EXERCISE INPUT
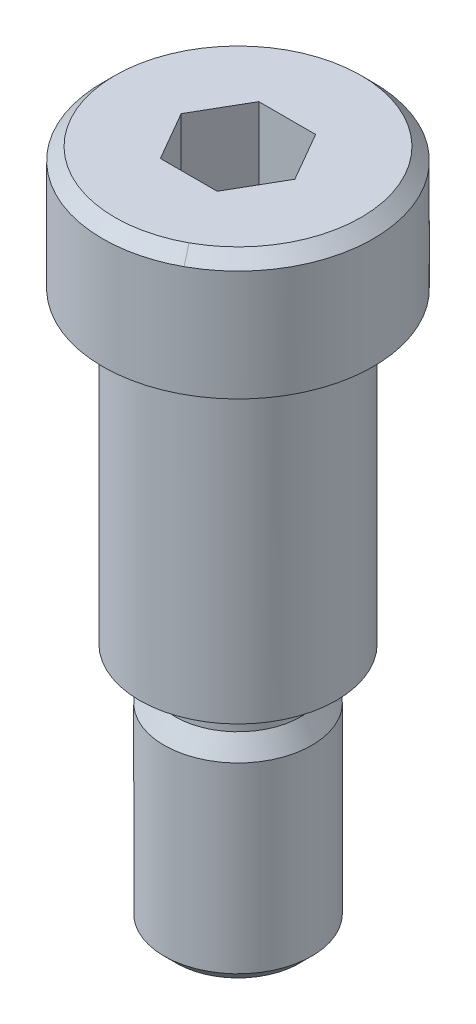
ISO-10303-21;
HEADER;
FILE_DESCRIPTION(('STEP AP214'),'2;1');
FILE_NAME('part.step','',(''),(''),'','','');
FILE_SCHEMA(('AUTOMOTIVE_DESIGN { 1 0 10303 214 1 1 1 1 }'));
ENDSEC;
DATA;
#1=APPLICATION_CONTEXT('core data for automotive mechanical design processes');
#2=APPLICATION_PROTOCOL_DEFINITION('international standard','automotive_design',2000,#1);
#3=PRODUCT_CONTEXT('',#1,'mechanical');
#4=PRODUCT('Part','Part','',(#3));
#5=PRODUCT_RELATED_PRODUCT_CATEGORY('part','',(#4));
#6=PRODUCT_DEFINITION_FORMATION('','',#4);
#7=PRODUCT_DEFINITION_CONTEXT('part definition',#1,'design');
#8=PRODUCT_DEFINITION('design','',#6,#7);
#9=PRODUCT_DEFINITION_SHAPE('','',#8);
#10=(LENGTH_UNIT() NAMED_UNIT(*) SI_UNIT(.MILLI.,.METRE.));
#11=(NAMED_UNIT(*) PLANE_ANGLE_UNIT() SI_UNIT($,.RADIAN.));
#12=(NAMED_UNIT(*) SI_UNIT($,.STERADIAN.) SOLID_ANGLE_UNIT());
#13=UNCERTAINTY_MEASURE_WITH_UNIT(LENGTH_MEASURE(1.E-05),#10,'distance_accuracy_value','');
#14=(GEOMETRIC_REPRESENTATION_CONTEXT(3) GLOBAL_UNCERTAINTY_ASSIGNED_CONTEXT((#13)) GLOBAL_UNIT_ASSIGNED_CONTEXT((#10,
#11,#12)) REPRESENTATION_CONTEXT('',''));
#15=CARTESIAN_POINT('',(0.,0.,0.));
#16=DIRECTION('',(0.,0.,1.));
#17=DIRECTION('',(1.,0.,0.));
#18=AXIS2_PLACEMENT_3D('',#15,#16,#17);
#19=CARTESIAN_POINT('',(0.,-55.,6.00000000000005));
#20=DIRECTION('',(0.,1.,0.));
#21=DIRECTION('',(0.,0.,1.));
#22=AXIS2_PLACEMENT_3D('',#19,#20,#21);
#23=PLANE('',#22);
#24=CARTESIAN_POINT('',(0.,-55.0000000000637,0.));
#25=DIRECTION('',(0.,1.,0.));
#26=DIRECTION('',(-1.,0.,0.));
#27=AXIS2_PLACEMENT_3D('',#24,#25,#26);
#28=CIRCLE('',#27,5.00000000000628);
#29=CARTESIAN_POINT('',(-5.00000000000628,-55.0000000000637,0.));
#30=VERTEX_POINT('',#29);
#31=EDGE_CURVE('E187',#30,#30,#28,.T.);
#32=ORIENTED_EDGE('',*,*,#31,.F.);
#33=EDGE_LOOP('',(#32));
#34=FACE_BOUND('',#33,.T.);
#35=ADVANCED_FACE('F30',(#34),#23,.F.);
#36=CARTESIAN_POINT('',(0.,-54.0000000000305,0.));
#37=DIRECTION('',(0.,1.,0.));
#38=DIRECTION('',(-1.,0.,0.));
#39=AXIS2_PLACEMENT_3D('',#36,#37,#38);
#40=CONICAL_SURFACE('',#39,6.00000000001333,0.785398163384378);
#41=ORIENTED_EDGE('',*,*,#31,.T.);
#42=EDGE_LOOP('',(#41));
#43=FACE_BOUND('',#42,.T.);
#44=CARTESIAN_POINT('',(0.,-54.,0.));
#45=DIRECTION('',(0.,1.,0.));
#46=DIRECTION('',(0.,0.,1.));
#47=AXIS2_PLACEMENT_3D('',#44,#45,#46);
#48=CIRCLE('',#47,6.);
#49=CARTESIAN_POINT('',(0.,-54.,6.00000000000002));
#50=VERTEX_POINT('',#49);
#51=EDGE_CURVE('E87',#50,#50,#48,.T.);
#52=ORIENTED_EDGE('',*,*,#51,.F.);
#53=EDGE_LOOP('',(#52));
#54=FACE_BOUND('',#53,.T.);
#55=ADVANCED_FACE('F412',(#43,#54),#40,.T.);
#56=CARTESIAN_POINT('',(0.,0.,0.));
#57=DIRECTION('',(0.,1.,0.));
#58=DIRECTION('',(0.,0.,1.));
#59=AXIS2_PLACEMENT_3D('',#56,#57,#58);
#60=PLANE('',#59);
#61=DIRECTION('',(0.5,0.,-0.86602540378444));
#62=VECTOR('',#61,1.);
#63=CARTESIAN_POINT('',(2.30940107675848,0.,3.99999999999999));
#64=LINE('',#63,#62);
#65=CARTESIAN_POINT('',(2.30940107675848,0.,3.99999999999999));
#66=VERTEX_POINT('',#65);
#67=CARTESIAN_POINT('',(4.61880215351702,0.,0.));
#68=VERTEX_POINT('',#67);
#69=EDGE_CURVE('E49',#66,#68,#64,.T.);
#70=ORIENTED_EDGE('',*,*,#69,.F.);
#71=DIRECTION('',(1.,0.,0.));
#72=VECTOR('',#71,1.);
#73=CARTESIAN_POINT('',(-2.30940107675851,0.,3.99999999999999));
#74=LINE('',#73,#72);
#75=CARTESIAN_POINT('',(-2.30940107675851,0.,3.99999999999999));
#76=VERTEX_POINT('',#75);
#77=EDGE_CURVE('E292',#76,#66,#74,.T.);
#78=ORIENTED_EDGE('',*,*,#77,.F.);
#79=DIRECTION('',(0.500000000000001,0.,0.86602540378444));
#80=VECTOR('',#79,1.);
#81=CARTESIAN_POINT('',(-4.61880215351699,0.,0.));
#82=LINE('',#81,#80);
#83=CARTESIAN_POINT('',(-4.61880215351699,0.,0.));
#84=VERTEX_POINT('',#83);
#85=EDGE_CURVE('E286',#84,#76,#82,.T.);
#86=ORIENTED_EDGE('',*,*,#85,.F.);
#87=DIRECTION('',(-0.5,0.,0.86602540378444));
#88=VECTOR('',#87,1.);
#89=CARTESIAN_POINT('',(-2.30940107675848,0.,-4.00000000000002));
#90=LINE('',#89,#88);
#91=CARTESIAN_POINT('',(-2.30940107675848,0.,-4.00000000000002));
#92=VERTEX_POINT('',#91);
#93=EDGE_CURVE('E284',#92,#84,#90,.T.);
#94=ORIENTED_EDGE('',*,*,#93,.F.);
#95=DIRECTION('',(-1.,0.,0.));
#96=VECTOR('',#95,1.);
#97=CARTESIAN_POINT('',(2.3094010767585,0.,-4.00000000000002));
#98=LINE('',#97,#96);
#99=CARTESIAN_POINT('',(2.3094010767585,0.,-4.00000000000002));
#100=VERTEX_POINT('',#99);
#101=EDGE_CURVE('E269',#100,#92,#98,.T.);
#102=ORIENTED_EDGE('',*,*,#101,.F.);
#103=DIRECTION('',(-0.500000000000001,0.,-0.86602540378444));
#104=VECTOR('',#103,1.);
#105=CARTESIAN_POINT('',(4.61880215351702,0.,0.));
#106=LINE('',#105,#104);
#107=EDGE_CURVE('E278',#68,#100,#106,.T.);
#108=ORIENTED_EDGE('',*,*,#107,.F.);
#109=EDGE_LOOP('',(#70,#78,#86,#94,#102,#108));
#110=FACE_BOUND('',#109,.T.);
#111=CARTESIAN_POINT('',(0.,0.,0.));
#112=DIRECTION('',(0.,-1.,0.));
#113=DIRECTION('',(1.,0.,0.));
#114=AXIS2_PLACEMENT_3D('',#111,#112,#113);
#115=CIRCLE('',#114,9.99999999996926);
#116=CARTESIAN_POINT('',(4.79425538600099,2.84182399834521E-11,8.77582561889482));
#117=VERTEX_POINT('',#116);
#118=CARTESIAN_POINT('',(-4.79425620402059,0.,-8.77582517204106));
#119=VERTEX_POINT('',#118);
#120=EDGE_CURVE('E77',#117,#119,#115,.T.);
#121=ORIENTED_EDGE('',*,*,#120,.F.);
#122=CARTESIAN_POINT('',(0.,0.,0.));
#123=DIRECTION('',(0.,-1.,0.));
#124=DIRECTION('',(1.,0.,0.));
#125=AXIS2_PLACEMENT_3D('',#122,#123,#124);
#126=CIRCLE('',#125,10.0000000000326);
#127=EDGE_CURVE('E89',#119,#117,#126,.T.);
#128=ORIENTED_EDGE('',*,*,#127,.F.);
#129=EDGE_LOOP('',(#121,#128));
#130=FACE_BOUND('',#129,.T.);
#131=ADVANCED_FACE('F90',(#110,#130),#60,.T.);
#132=CARTESIAN_POINT('',(0.,-27.5,0.));
#133=DIRECTION('',(0.,1.,0.));
#134=DIRECTION('',(0.,0.,1.));
#135=AXIS2_PLACEMENT_3D('',#132,#133,#134);
#136=CYLINDRICAL_SURFACE('',#135,6.);
#137=CARTESIAN_POINT('',(0.,-39.1588457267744,0.));
#138=DIRECTION('',(0.,-1.,0.));
#139=DIRECTION('',(0.479425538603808,0.,0.87758256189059));
#140=AXIS2_PLACEMENT_3D('',#137,#138,#139);
#141=CIRCLE('',#140,5.99999999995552);
#142=CARTESIAN_POINT('',(2.87655323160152,-39.1588457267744,5.26549537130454));
#143=VERTEX_POINT('',#142);
#144=EDGE_CURVE('E92',#143,#143,#141,.F.);
#145=ORIENTED_EDGE('',*,*,#144,.F.);
#146=EDGE_LOOP('',(#145));
#147=FACE_BOUND('',#146,.T.);
#148=ORIENTED_EDGE('',*,*,#51,.T.);
#149=EDGE_LOOP('',(#148));
#150=FACE_BOUND('',#149,.T.);
#151=ADVANCED_FACE('F400',(#147,#150),#136,.T.);
#152=CARTESIAN_POINT('',(0.,-1.00000000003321,0.));
#153=DIRECTION('',(0.,-1.,0.));
#154=DIRECTION('',(1.,0.,0.));
#155=AXIS2_PLACEMENT_3D('',#152,#153,#154);
#156=CONICAL_SURFACE('',#155,11.0000000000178,0.785398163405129);
#157=DIRECTION('',(-0.339005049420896,0.707106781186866,-0.620544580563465));
#158=VECTOR('',#157,1.);
#159=CARTESIAN_POINT('',(239238.13801867,-499000.,437922.47420852));
#160=LINE('',#159,#158);
#161=CARTESIAN_POINT('',(5.27368092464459,-0.999999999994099,9.65340818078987));
#162=VERTEX_POINT('',#161);
#163=EDGE_CURVE('E84',#117,#162,#160,.F.);
#164=ORIENTED_EDGE('',*,*,#163,.F.);
#165=ORIENTED_EDGE('',*,*,#120,.T.);
#166=CARTESIAN_POINT('',(-5.2736809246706,-0.999999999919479,-9.65340818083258));
#167=CARTESIAN_POINT('',(-5.25370489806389,-0.958333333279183,-9.6168422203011));
#168=CARTESIAN_POINT('',(-5.23372887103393,-0.916666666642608,-9.5802762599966));
#169=CARTESIAN_POINT('',(-5.19377681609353,-0.833333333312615,-9.50714433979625));
#170=CARTESIAN_POINT('',(-5.17380078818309,-0.791666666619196,-9.47057837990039));
#171=CARTESIAN_POINT('',(-5.13384873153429,-0.708333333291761,-9.39744646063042));
#172=CARTESIAN_POINT('',(-5.11387270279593,-0.666666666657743,-9.36088050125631));
#173=CARTESIAN_POINT('',(-5.07392064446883,-0.583333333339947,-9.28774858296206));
#174=CARTESIAN_POINT('',(-5.05394461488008,-0.541666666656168,-9.25118262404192));
#175=CARTESIAN_POINT('',(-5.0139925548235,-0.458333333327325,-9.17805070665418));
#176=CARTESIAN_POINT('',(-4.99401652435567,-0.41666666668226,-9.14148474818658));
#177=CARTESIAN_POINT('',(-4.95406446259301,-0.333333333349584,-9.06835283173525));
#178=CARTESIAN_POINT('',(-4.93408843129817,-0.291666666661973,-9.03178687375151));
#179=CARTESIAN_POINT('',(-4.894136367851,-0.208333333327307,-8.95865495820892));
#180=CARTESIAN_POINT('',(-4.87416033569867,-0.166666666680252,-8.92208900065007));
#181=CARTESIAN_POINT('',(-4.83420827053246,-0.0833333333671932,-8.8489570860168));
#182=CARTESIAN_POINT('',(-4.81423223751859,-0.04166666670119,-8.81239112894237));
#183=CARTESIAN_POINT('',(-4.79425620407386,0.,-8.77582517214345));
#184=B_SPLINE_CURVE_WITH_KNOTS('',3,(#166,#167,#168,#169,#170,#171,#172,#173,#174,#175,#176,
#177,#178,#179,#180,#181,#182,#183),.UNSPECIFIED.,.F.,.F.,(4,2,2,2,2,2,2,2,4),(0.,
0.176776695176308,0.353553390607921,0.530330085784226,0.707106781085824,0.883883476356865,
1.06066017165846,1.23743686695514,1.41421356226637),.UNSPECIFIED.);
#185=CARTESIAN_POINT('',(-5.2736809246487,-0.999999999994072,-9.65340818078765));
#186=VERTEX_POINT('',#185);
#187=EDGE_CURVE('E81',#186,#119,#184,.T.);
#188=ORIENTED_EDGE('',*,*,#187,.F.);
#189=CARTESIAN_POINT('',(0.,-0.999999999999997,0.));
#190=DIRECTION('',(0.,1.,0.));
#191=DIRECTION('',(0.,0.,1.));
#192=AXIS2_PLACEMENT_3D('',#189,#190,#191);
#193=CIRCLE('',#192,11.);
#194=EDGE_CURVE('E199',#162,#186,#193,.F.);
#195=ORIENTED_EDGE('',*,*,#194,.F.);
#196=EDGE_LOOP('',(#164,#165,#188,#195));
#197=FACE_BOUND('',#196,.T.);
#198=ADVANCED_FACE('F79',(#197),#156,.T.);
#199=CARTESIAN_POINT('',(0.,-0.999999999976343,0.));
#200=DIRECTION('',(0.,-1.,0.));
#201=DIRECTION('',(1.,0.,0.));
#202=AXIS2_PLACEMENT_3D('',#199,#200,#201);
#203=CONICAL_SURFACE('',#202,10.999999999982,0.785398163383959);
#204=ORIENTED_EDGE('',*,*,#187,.T.);
#205=ORIENTED_EDGE('',*,*,#127,.T.);
#206=ORIENTED_EDGE('',*,*,#163,.T.);
#207=CARTESIAN_POINT('',(0.,-0.999999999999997,0.));
#208=DIRECTION('',(0.,1.,0.));
#209=DIRECTION('',(0.,0.,1.));
#210=AXIS2_PLACEMENT_3D('',#207,#208,#209);
#211=CIRCLE('',#210,11.);
#212=EDGE_CURVE('E97',#186,#162,#211,.F.);
#213=ORIENTED_EDGE('',*,*,#212,.F.);
#214=EDGE_LOOP('',(#204,#205,#206,#213));
#215=FACE_BOUND('',#214,.T.);
#216=ADVANCED_FACE('F95',(#215),#203,.T.);
#217=CARTESIAN_POINT('',(0.,-39.1588457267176,0.));
#218=DIRECTION('',(0.,-1.,0.));
#219=DIRECTION('',(0.,0.,-1.));
#220=AXIS2_PLACEMENT_3D('',#217,#218,#219);
#221=CONICAL_SURFACE('',#220,5.99999999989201,0.52359877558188);
#222=ORIENTED_EDGE('',*,*,#144,.T.);
#223=EDGE_LOOP('',(#222));
#224=FACE_BOUND('',#223,.T.);
#225=CARTESIAN_POINT('',(0.,-37.6,0.));
#226=DIRECTION('',(0.,1.,0.));
#227=DIRECTION('',(0.,0.,1.));
#228=AXIS2_PLACEMENT_3D('',#225,#226,#227);
#229=CIRCLE('',#228,5.1);
#230=CARTESIAN_POINT('',(0.,-37.6,5.10000000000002));
#231=VERTEX_POINT('',#230);
#232=EDGE_CURVE('E194',#231,#231,#229,.T.);
#233=ORIENTED_EDGE('',*,*,#232,.F.);
#234=EDGE_LOOP('',(#233));
#235=FACE_BOUND('',#234,.T.);
#236=ADVANCED_FACE('F383',(#224,#235),#221,.T.);
#237=CARTESIAN_POINT('',(0.,-27.5,0.));
#238=DIRECTION('',(0.,1.,0.));
#239=DIRECTION('',(0.,0.,1.));
#240=AXIS2_PLACEMENT_3D('',#237,#238,#239);
#241=CYLINDRICAL_SURFACE('',#240,11.);
#242=CARTESIAN_POINT('',(0.,-9.99999999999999,0.));
#243=DIRECTION('',(0.,1.,0.));
#244=DIRECTION('',(0.,0.,1.));
#245=AXIS2_PLACEMENT_3D('',#242,#243,#244);
#246=CIRCLE('',#245,11.);
#247=CARTESIAN_POINT('',(0.,-9.99999999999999,11.));
#248=VERTEX_POINT('',#247);
#249=EDGE_CURVE('E191',#248,#248,#246,.T.);
#250=ORIENTED_EDGE('',*,*,#249,.T.);
#251=EDGE_LOOP('',(#250));
#252=FACE_BOUND('',#251,.T.);
#253=ORIENTED_EDGE('',*,*,#212,.T.);
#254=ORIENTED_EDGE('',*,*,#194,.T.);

ACTIVITY
Restate word for word only the lines from where the entries begin through the one with "#12=(NAMED_UNIT(*) SI_UNIT($,.STERADIAN.) SOLID_ANGLE_UNIT());"; omit the pictures.

WRITTEN RESPONSE
ISO-10303-21;
HEADER;
FILE_DESCRIPTION(('STEP AP214'),'2;1');
FILE_NAME('part.step','',(''),(''),'','','');
FILE_SCHEMA(('AUTOMOTIVE_DESIGN { 1 0 10303 214 1 1 1 1 }'));
ENDSEC;
DATA;
#1=APPLICATION_CONTEXT('core data for automotive mechanical design processes');
#2=APPLICATION_PROTOCOL_DEFINITION('international standard','automotive_design',2000,#1);
#3=PRODUCT_CONTEXT('',#1,'mechanical');
#4=PRODUCT('Part','Part','',(#3));
#5=PRODUCT_RELATED_PRODUCT_CATEGORY('part','',(#4));
#6=PRODUCT_DEFINITION_FORMATION('','',#4);
#7=PRODUCT_DEFINITION_CONTEXT('part definition',#1,'design');
#8=PRODUCT_DEFINITION('design','',#6,#7);
#9=PRODUCT_DEFINITION_SHAPE('','',#8);
#10=(LENGTH_UNIT() NAMED_UNIT(*) SI_UNIT(.MILLI.,.METRE.));
#11=(NAMED_UNIT(*) PLANE_ANGLE_UNIT() SI_UNIT($,.RADIAN.));
#12=(NAMED_UNIT(*) SI_UNIT($,.STERADIAN.) SOLID_ANGLE_UNIT());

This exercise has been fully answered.